Paper No. 8
Presentation Time: 10:20 AM

CONTROLS OF FUNCTIONAL GROUP CHEMISTRY ON CALCIUM CARBONATE NUCLEATION AND INSIGHTS FOR POLYMORPH SELECTION


DOVE, Patricia M.1, HAMM, Laura M.1, HAN, Nizhou1 and DE YOREO, James J.2, (1)Department of Geosciences, Virginia Tech, 4044 Derring Hall, Blacksburg, VA 24061, (2)Pacific Northwest National Laboratory, Richland, WA 99352, dove@vt.edu

Living organisms produce skeletal structures within a complex matrix of organic macromolecules that guide mineral nucleation and growth into the organic-inorganic composites we know as biominerals. The fossil record shows this type of template-directed mineralization dates to the Ediacaran (ca. 549 Ma). The mechanistic basis for how macromolecules control the nucleation kinetics and thermodynamics of carbonate polymorphs in template-directed nucleation is not well established.

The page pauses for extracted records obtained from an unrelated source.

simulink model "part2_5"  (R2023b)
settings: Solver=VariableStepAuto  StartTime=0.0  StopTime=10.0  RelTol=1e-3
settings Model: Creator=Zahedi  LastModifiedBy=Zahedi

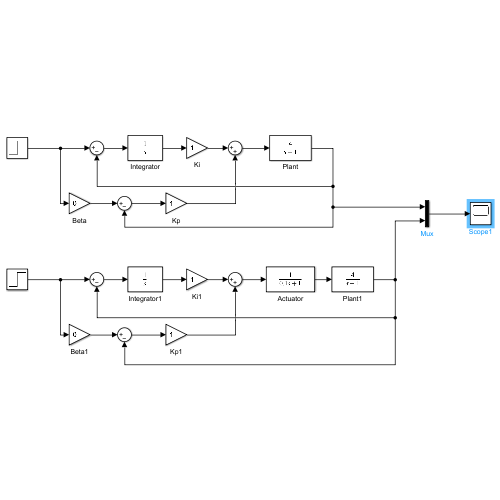
[thumbnail: Simulink's stored preview of the top-level diagram]
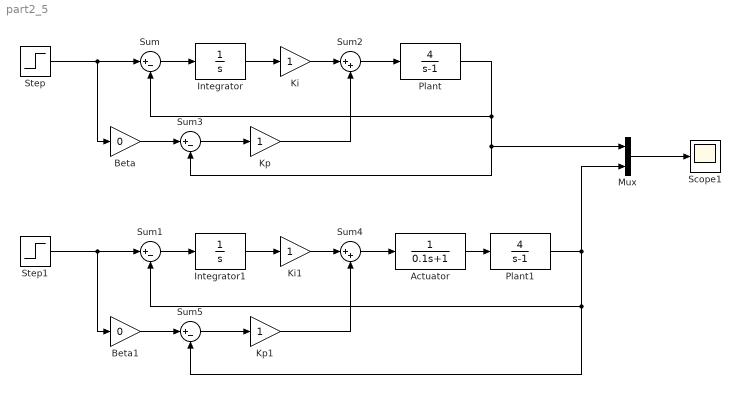
== system part2_5 ==
  Actuator : TransferFcn  Denominator=[0.1 1]
  Beta : Gain  Gain=0
  Beta1 : Gain  Gain=0
  Integrator : TransferFcn  Denominator=[1 0]
  Integrator1 : TransferFcn  Denominator=[1 0]
  Ki : Gain
  Ki1 : Gain
  Kp : Gain
  Kp1 : Gain
  Mux : Mux  Inputs=2
  Plant : TransferFcn  Numerator=[4]  Denominator=[1 -1]
  Plant1 : TransferFcn  Numerator=[4]  Denominator=[1 -1]
  Scope1 : Scope
  Step : Step  SampleTime=0
  Step1 : Step  SampleTime=0
  Sum{,1,3,5} (4 alike) : Sum  Inputs=|+-
  Sum2 : Sum  Inputs=|++
  Sum4 : Sum  Inputs=|++
  wires:
  Plant/1 -> Mux/1, Sum3/2, Sum/2
  Sum/1 -> Integrator/1
  Step/1 -> Beta/1, Sum/1
  Sum2/1 -> Plant/1
  Beta/1 -> Sum3/1
  Kp/1 -> Sum2/2
  Sum3/1 -> Kp/1
  Ki/1 -> Sum2/1
  Integrator/1 -> Ki/1
  Kp1/1 -> Sum4/2
  Ki1/1 -> Sum4/1
  Sum5/1 -> Kp1/1
  Integrator1/1 -> Ki1/1
  Sum1/1 -> Integrator1/1
  Beta1/1 -> Sum5/1
  Step1/1 -> Beta1/1, Sum1/1
  Plant1/1 -> Sum5/2, Sum1/2, Mux/2
  Actuator/1 -> Plant1/1
  Sum4/1 -> Actuator/1
  Mux/1 -> Scope1/1

We test the hypothesis that the kinetics and thermodynamics of calcium carbonate (CaCO3) formation is regulated by a systematic relationship to the functional group chemistry of macromolecules. A long-term goal is to establish the energetic basis for biochemical motifs that are seen (and not seen) at sites of calcification across the phylogenetic tree. We first measured nucleation rates on model biomolecular substrates with termini found in the proteins and polysaccharides of calcifying tissues (-COOH, -PO4, and -SH) and two alkanethiol chain lengths (16-C and 11-C) at variable chemical driving forces. Functional group chemistry and molecule conformation regulate rates by a predictable relation to interfacial free energy.

A second study tested the claim that Mg:Ca ratio determines the CaCO3 polymorph that forms by conducting a series of experiments using C16-COOH substrates, pH = 8.5-10.5, and variable solution Mg:Ca. Calcite is the only phase to nucleate until Mg:Ca exceeds approximately 2.5, above which vaterite precipitates as a rough film. There is no evidence for aragonite formation in any experiment.

The findings demonstrate organic surfaces regulate the thermodynamic barrier to nucleation through interfacial free energy and suggest the need to revisit the assumption that polymorph selection is determined by solution Mg: Ca. This is consistent with evidence (Wang et al., 2012, Faraday Disc.) that kinetic factors regulate the pathway to calcite versus aragonite formation.